━━━━━ THE DATA ━━━━━

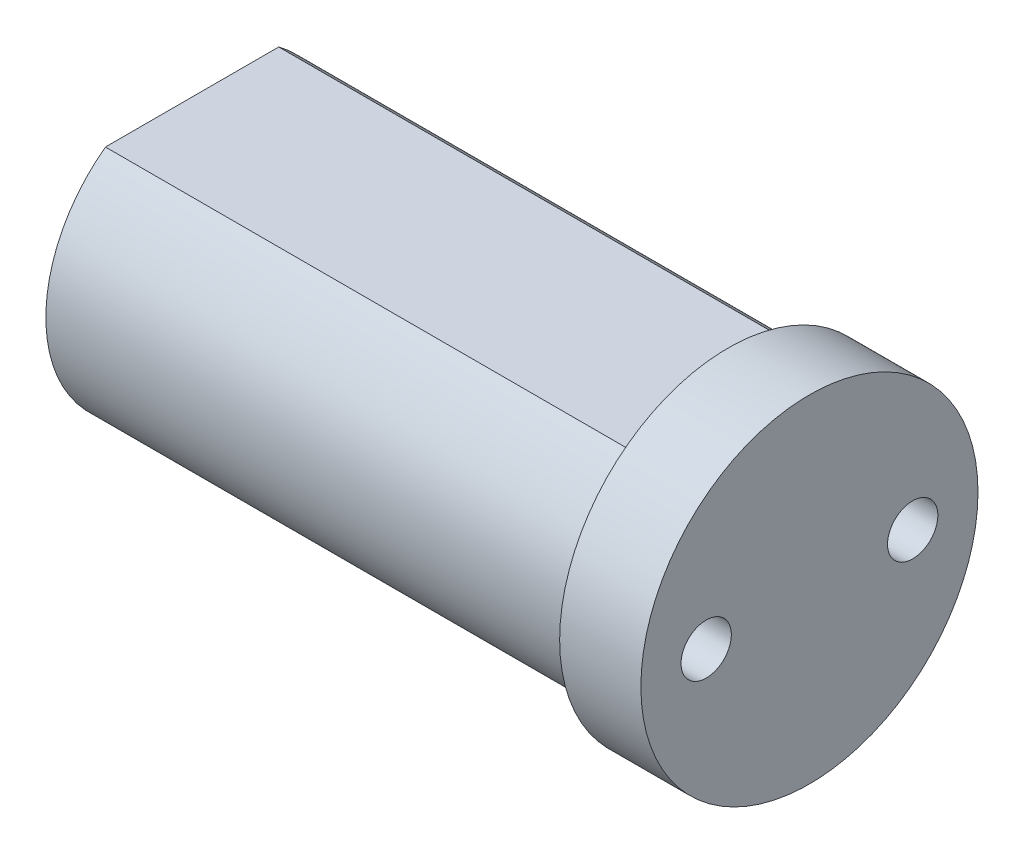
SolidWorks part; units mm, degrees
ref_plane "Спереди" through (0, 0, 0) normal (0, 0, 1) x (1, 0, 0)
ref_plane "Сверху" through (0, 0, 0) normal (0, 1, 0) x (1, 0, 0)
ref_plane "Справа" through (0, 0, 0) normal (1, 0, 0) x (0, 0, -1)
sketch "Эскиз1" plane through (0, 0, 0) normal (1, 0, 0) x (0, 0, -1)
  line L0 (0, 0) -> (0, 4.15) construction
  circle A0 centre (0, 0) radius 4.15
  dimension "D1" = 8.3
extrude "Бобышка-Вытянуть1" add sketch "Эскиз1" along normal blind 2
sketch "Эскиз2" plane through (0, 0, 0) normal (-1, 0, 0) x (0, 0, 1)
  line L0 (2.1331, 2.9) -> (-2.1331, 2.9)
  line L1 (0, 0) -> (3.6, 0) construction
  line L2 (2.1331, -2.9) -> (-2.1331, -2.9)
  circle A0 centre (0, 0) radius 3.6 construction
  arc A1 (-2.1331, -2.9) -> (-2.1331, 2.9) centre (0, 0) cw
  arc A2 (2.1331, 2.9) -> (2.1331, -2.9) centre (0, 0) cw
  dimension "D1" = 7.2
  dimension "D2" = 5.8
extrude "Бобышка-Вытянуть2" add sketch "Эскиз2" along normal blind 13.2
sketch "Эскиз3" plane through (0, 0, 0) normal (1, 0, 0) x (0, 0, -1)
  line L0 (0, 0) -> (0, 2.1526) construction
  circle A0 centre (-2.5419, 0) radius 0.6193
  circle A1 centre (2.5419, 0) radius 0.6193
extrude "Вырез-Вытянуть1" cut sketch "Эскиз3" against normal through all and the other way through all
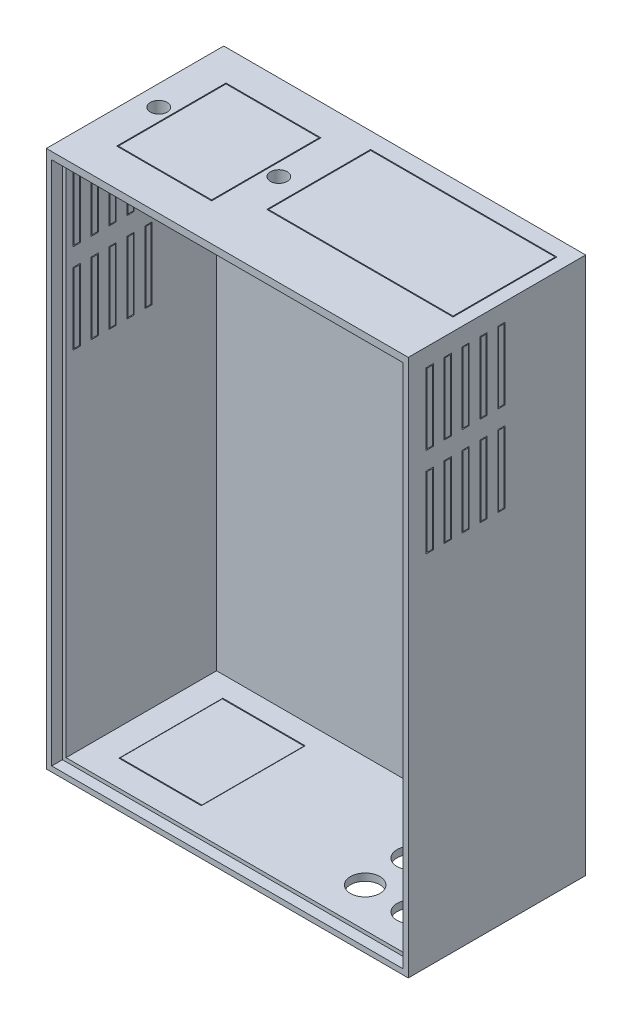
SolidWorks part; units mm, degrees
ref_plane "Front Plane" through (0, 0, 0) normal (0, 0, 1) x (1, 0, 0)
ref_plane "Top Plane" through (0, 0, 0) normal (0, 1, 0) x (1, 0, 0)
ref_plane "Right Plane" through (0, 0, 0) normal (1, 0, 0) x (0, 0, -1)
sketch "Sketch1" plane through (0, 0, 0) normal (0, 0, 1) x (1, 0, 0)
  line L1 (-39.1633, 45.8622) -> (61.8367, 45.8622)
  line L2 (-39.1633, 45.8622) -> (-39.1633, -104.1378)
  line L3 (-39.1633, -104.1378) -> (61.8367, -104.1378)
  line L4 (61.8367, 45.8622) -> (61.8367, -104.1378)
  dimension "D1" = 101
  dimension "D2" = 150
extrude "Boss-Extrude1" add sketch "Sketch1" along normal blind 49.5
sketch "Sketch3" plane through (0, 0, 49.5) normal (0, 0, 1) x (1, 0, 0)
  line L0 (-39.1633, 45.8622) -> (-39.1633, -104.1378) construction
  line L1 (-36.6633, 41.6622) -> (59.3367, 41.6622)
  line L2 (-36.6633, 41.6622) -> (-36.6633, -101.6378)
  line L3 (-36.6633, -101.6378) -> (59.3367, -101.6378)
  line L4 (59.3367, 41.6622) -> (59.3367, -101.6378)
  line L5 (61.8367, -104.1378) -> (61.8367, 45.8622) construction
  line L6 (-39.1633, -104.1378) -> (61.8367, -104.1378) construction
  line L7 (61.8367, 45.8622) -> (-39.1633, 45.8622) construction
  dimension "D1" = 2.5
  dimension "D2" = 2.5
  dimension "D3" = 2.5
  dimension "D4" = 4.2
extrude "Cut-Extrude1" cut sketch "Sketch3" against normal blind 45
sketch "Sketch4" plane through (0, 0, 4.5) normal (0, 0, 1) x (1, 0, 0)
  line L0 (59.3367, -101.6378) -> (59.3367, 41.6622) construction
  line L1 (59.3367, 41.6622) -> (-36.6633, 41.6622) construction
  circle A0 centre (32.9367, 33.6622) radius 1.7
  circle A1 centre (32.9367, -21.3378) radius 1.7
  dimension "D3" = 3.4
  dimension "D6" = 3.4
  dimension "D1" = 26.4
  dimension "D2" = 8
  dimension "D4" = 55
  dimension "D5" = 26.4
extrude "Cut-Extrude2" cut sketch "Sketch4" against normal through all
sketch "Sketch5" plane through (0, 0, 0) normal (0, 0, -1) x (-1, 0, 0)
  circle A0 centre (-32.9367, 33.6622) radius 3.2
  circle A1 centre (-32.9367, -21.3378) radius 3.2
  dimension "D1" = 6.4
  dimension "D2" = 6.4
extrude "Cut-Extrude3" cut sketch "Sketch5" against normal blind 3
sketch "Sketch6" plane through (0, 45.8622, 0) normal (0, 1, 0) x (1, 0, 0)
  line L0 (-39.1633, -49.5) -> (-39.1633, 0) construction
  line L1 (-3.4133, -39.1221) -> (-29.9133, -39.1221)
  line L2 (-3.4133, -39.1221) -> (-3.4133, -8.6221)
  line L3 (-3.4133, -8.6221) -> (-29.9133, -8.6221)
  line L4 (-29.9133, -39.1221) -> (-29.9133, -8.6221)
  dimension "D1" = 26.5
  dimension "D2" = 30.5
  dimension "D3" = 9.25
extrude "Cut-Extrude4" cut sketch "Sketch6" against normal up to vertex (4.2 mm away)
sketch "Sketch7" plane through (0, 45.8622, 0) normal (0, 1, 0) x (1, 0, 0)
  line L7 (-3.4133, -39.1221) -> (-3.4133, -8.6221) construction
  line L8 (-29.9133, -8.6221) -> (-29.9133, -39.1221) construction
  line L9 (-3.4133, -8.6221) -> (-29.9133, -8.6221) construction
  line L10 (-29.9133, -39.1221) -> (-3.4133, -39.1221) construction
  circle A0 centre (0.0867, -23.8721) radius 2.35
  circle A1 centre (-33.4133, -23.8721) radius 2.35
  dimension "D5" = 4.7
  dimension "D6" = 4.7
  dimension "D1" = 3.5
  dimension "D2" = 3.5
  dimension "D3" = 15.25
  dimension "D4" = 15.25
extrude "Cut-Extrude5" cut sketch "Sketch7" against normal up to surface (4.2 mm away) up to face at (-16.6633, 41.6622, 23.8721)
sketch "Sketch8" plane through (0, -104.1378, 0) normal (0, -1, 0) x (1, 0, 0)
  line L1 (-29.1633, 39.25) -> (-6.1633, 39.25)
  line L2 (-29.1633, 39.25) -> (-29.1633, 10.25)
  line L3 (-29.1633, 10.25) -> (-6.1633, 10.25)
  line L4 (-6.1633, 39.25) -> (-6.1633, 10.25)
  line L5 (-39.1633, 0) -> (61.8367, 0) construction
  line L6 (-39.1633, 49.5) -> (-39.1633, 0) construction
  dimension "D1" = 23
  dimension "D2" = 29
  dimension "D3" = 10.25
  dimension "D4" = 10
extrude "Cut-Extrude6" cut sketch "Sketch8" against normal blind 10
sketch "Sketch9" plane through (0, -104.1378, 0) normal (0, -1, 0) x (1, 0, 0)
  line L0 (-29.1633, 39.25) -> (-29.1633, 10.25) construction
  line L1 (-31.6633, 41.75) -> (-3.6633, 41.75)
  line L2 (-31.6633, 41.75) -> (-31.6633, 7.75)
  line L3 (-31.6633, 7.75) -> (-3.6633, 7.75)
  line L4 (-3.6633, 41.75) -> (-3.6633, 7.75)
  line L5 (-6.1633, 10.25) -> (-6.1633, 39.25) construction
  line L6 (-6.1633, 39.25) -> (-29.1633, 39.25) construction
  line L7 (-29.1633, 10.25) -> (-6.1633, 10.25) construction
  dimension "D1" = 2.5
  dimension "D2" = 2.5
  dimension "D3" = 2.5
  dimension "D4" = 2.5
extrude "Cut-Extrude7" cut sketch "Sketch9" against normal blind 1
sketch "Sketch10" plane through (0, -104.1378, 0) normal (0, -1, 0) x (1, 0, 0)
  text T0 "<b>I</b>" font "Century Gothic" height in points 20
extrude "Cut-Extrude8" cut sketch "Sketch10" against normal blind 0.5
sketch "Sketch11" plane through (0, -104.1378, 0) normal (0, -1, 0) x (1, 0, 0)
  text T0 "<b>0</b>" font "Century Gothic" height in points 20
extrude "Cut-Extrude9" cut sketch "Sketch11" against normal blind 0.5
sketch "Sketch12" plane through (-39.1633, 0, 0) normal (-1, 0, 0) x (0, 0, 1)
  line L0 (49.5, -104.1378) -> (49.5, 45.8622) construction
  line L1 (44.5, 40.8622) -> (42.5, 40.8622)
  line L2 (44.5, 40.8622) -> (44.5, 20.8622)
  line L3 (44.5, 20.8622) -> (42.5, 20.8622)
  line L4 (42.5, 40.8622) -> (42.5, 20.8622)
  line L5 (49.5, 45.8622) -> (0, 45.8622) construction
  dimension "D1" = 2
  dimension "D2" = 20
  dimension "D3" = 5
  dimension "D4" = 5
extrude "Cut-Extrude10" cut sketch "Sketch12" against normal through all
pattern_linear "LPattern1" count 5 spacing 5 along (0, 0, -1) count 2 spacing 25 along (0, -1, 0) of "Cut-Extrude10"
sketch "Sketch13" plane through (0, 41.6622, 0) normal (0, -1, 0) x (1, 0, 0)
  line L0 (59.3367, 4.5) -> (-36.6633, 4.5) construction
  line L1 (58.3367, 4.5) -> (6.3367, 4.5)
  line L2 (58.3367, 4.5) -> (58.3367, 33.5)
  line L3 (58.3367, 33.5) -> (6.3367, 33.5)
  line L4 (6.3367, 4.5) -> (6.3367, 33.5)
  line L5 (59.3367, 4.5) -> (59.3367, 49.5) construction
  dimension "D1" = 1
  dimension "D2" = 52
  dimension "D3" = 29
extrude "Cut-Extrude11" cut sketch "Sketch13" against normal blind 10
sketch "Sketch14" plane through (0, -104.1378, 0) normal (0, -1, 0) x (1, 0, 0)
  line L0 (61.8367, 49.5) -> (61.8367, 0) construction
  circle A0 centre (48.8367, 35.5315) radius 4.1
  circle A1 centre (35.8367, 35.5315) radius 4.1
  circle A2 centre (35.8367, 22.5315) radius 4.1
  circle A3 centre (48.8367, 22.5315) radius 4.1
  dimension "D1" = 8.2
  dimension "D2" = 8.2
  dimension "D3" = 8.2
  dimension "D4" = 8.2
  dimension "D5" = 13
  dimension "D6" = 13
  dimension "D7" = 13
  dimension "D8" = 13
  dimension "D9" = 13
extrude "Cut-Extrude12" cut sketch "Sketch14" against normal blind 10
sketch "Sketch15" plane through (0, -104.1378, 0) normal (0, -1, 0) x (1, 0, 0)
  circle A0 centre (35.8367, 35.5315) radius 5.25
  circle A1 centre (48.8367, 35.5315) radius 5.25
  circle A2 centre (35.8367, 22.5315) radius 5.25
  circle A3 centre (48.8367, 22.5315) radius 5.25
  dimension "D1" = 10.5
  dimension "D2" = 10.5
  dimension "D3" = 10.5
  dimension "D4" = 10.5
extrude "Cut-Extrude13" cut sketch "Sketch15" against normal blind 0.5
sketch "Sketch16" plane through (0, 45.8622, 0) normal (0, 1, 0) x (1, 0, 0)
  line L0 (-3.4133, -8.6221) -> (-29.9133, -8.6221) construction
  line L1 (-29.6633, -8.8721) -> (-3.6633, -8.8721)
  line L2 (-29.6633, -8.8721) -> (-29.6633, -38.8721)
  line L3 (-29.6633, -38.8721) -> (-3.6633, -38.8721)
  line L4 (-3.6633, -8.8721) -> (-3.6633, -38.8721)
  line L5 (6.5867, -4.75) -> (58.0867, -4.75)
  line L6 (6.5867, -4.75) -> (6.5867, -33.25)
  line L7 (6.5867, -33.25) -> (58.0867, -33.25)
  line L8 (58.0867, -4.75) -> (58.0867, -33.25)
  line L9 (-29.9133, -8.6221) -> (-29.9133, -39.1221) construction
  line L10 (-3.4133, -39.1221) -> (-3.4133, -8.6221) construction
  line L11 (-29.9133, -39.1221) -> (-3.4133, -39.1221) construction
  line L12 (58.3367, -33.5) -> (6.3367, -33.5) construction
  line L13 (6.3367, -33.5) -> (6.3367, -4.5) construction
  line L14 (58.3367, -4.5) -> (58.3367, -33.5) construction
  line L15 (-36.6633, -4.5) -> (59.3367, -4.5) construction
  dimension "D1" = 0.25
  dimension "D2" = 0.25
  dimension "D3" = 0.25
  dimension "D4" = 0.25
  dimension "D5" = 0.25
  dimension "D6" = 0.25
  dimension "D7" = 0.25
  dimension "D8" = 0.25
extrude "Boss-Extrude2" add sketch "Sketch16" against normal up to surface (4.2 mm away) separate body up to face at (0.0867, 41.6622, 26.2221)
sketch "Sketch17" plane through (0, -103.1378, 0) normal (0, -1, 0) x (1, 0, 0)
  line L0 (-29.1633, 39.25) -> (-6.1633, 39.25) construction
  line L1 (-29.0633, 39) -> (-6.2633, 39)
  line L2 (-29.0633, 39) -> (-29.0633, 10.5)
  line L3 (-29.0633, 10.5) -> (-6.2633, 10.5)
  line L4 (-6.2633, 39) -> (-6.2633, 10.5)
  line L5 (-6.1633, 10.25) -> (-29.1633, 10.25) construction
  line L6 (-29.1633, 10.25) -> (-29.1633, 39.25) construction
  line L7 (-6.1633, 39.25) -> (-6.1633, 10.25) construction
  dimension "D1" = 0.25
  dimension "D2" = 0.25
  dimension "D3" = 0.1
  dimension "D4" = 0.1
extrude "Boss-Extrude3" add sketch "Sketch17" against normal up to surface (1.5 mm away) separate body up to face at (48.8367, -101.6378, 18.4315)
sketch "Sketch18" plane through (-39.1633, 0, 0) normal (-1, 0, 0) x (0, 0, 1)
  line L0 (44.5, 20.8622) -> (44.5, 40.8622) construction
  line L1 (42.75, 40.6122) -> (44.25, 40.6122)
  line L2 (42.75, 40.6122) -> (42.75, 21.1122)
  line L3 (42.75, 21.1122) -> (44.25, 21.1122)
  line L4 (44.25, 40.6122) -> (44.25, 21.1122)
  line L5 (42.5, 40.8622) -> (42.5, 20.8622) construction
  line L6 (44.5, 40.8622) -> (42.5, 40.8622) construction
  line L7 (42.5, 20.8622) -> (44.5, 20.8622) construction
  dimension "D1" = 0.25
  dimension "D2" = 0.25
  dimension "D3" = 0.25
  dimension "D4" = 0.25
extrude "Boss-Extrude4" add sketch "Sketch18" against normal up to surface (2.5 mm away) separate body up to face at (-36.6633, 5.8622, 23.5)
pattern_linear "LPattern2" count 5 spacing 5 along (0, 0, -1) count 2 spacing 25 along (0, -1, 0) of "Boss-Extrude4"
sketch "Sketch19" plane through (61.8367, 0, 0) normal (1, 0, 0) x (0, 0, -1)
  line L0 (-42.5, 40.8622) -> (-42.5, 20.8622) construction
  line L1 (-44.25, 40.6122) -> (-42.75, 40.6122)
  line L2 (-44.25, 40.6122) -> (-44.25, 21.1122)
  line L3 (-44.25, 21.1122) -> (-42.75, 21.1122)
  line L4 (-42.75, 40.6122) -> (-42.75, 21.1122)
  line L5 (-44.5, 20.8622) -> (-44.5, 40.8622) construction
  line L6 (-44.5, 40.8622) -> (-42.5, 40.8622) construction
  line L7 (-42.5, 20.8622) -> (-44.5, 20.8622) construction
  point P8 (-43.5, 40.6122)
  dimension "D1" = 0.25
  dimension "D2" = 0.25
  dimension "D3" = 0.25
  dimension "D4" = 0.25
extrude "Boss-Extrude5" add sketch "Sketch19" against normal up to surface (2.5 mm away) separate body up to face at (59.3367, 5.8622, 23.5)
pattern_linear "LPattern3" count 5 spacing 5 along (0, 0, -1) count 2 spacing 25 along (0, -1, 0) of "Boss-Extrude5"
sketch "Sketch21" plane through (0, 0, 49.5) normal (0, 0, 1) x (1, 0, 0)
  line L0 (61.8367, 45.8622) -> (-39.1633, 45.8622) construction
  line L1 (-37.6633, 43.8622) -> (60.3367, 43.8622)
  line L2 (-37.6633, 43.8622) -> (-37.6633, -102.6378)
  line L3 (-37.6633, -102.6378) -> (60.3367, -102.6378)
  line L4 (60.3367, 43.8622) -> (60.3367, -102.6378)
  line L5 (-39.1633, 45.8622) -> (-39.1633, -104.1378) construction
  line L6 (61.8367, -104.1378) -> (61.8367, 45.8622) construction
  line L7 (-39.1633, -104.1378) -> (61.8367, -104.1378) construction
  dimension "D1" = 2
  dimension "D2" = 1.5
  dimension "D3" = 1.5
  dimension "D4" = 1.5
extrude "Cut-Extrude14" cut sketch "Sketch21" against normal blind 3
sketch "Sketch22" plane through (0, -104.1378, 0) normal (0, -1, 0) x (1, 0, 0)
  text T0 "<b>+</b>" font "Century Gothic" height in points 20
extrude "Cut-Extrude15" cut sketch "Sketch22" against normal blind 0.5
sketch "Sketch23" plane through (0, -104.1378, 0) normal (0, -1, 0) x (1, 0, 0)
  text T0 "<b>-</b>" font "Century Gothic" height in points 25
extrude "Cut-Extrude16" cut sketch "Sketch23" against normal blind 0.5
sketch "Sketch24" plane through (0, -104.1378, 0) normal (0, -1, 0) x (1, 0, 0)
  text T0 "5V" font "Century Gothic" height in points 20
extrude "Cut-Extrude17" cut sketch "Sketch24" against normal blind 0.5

━━━━━

Nothing should appear in the answer except the lines from the first line of the data through the line holding "line L1 (-36.6633, 41.6622)", exactly as written, with pictures left out.

# [EXERCISE ANSWER]
SolidWorks part; units mm, degrees
ref_plane "Спереди" through (0, 0, 0) normal (0, 0, 1) x (1, 0, 0)
ref_plane "Сверху" through (0, 0, 0) normal (0, 1, 0) x (1, 0, 0)
ref_plane "Справа" through (0, 0, 0) normal (1, 0, 0) x (0, 0, -1)
sketch "Эскиз1" plane through (0, 0, 0) normal (1, 0, 0) x (0, 0, -1)
  line L0 (0, 0) -> (0, 4.15) construction
  circle A0 centre (0, 0) radius 4.15
  dimension "D1" = 8.3
extrude "Бобышка-Вытянуть1" add sketch "Эскиз1" along normal blind 2
sketch "Эскиз2" plane through (0, 0, 0) normal (-1, 0, 0) x (0, 0, 1)
  line L0 (2.1331, 2.9) -> (-2.1331, 2.9)
  line L1 (0, 0) -> (3.6, 0) construction
  line L2 (2.1331, -2.9) -> (-2.1331, -2.9)
  circle A0 centre (0, 0) radius 3.6 construction
  arc A1 (-2.1331, -2.9) -> (-2.1331, 2.9) centre (0, 0) cw
  arc A2 (2.1331, 2.9) -> (2.1331, -2.9) centre (0, 0) cw
  dimension "D1" = 7.2
  dimension "D2" = 5.8
extrude "Бобышка-Вытянуть2" add sketch "Эскиз2" along normal blind 13.2
sketch "Эскиз3" plane through (0, 0, 0) normal (1, 0, 0) x (0, 0, -1)
  line L0 (0, 0) -> (0, 2.1526) construction
  circle A0 centre (-2.5419, 0) radius 0.6193
  circle A1 centre (2.5419, 0) radius 0.6193
extrude "Вырез-Вытянуть1" cut sketch "Эскиз3" against normal through all and the other way through all
SolidWorks part; units mm, degrees
ref_plane "Front Plane" through (0, 0, 0) normal (0, 0, 1) x (1, 0, 0)
ref_plane "Top Plane" through (0, 0, 0) normal (0, 1, 0) x (1, 0, 0)
ref_plane "Right Plane" through (0, 0, 0) normal (1, 0, 0) x (0, 0, -1)
sketch "Sketch1" plane through (0, 0, 0) normal (0, 0, 1) x (1, 0, 0)
  line L1 (-39.1633, 45.8622) -> (61.8367, 45.8622)
  line L2 (-39.1633, 45.8622) -> (-39.1633, -104.1378)
  line L3 (-39.1633, -104.1378) -> (61.8367, -104.1378)
  line L4 (61.8367, 45.8622) -> (61.8367, -104.1378)
  dimension "D1" = 101
  dimension "D2" = 150
extrude "Boss-Extrude1" add sketch "Sketch1" along normal blind 49.5
sketch "Sketch3" plane through (0, 0, 49.5) normal (0, 0, 1) x (1, 0, 0)
  line L0 (-39.1633, 45.8622) -> (-39.1633, -104.1378) construction
  line L1 (-36.6633, 41.6622) -> (59.3367, 41.6622)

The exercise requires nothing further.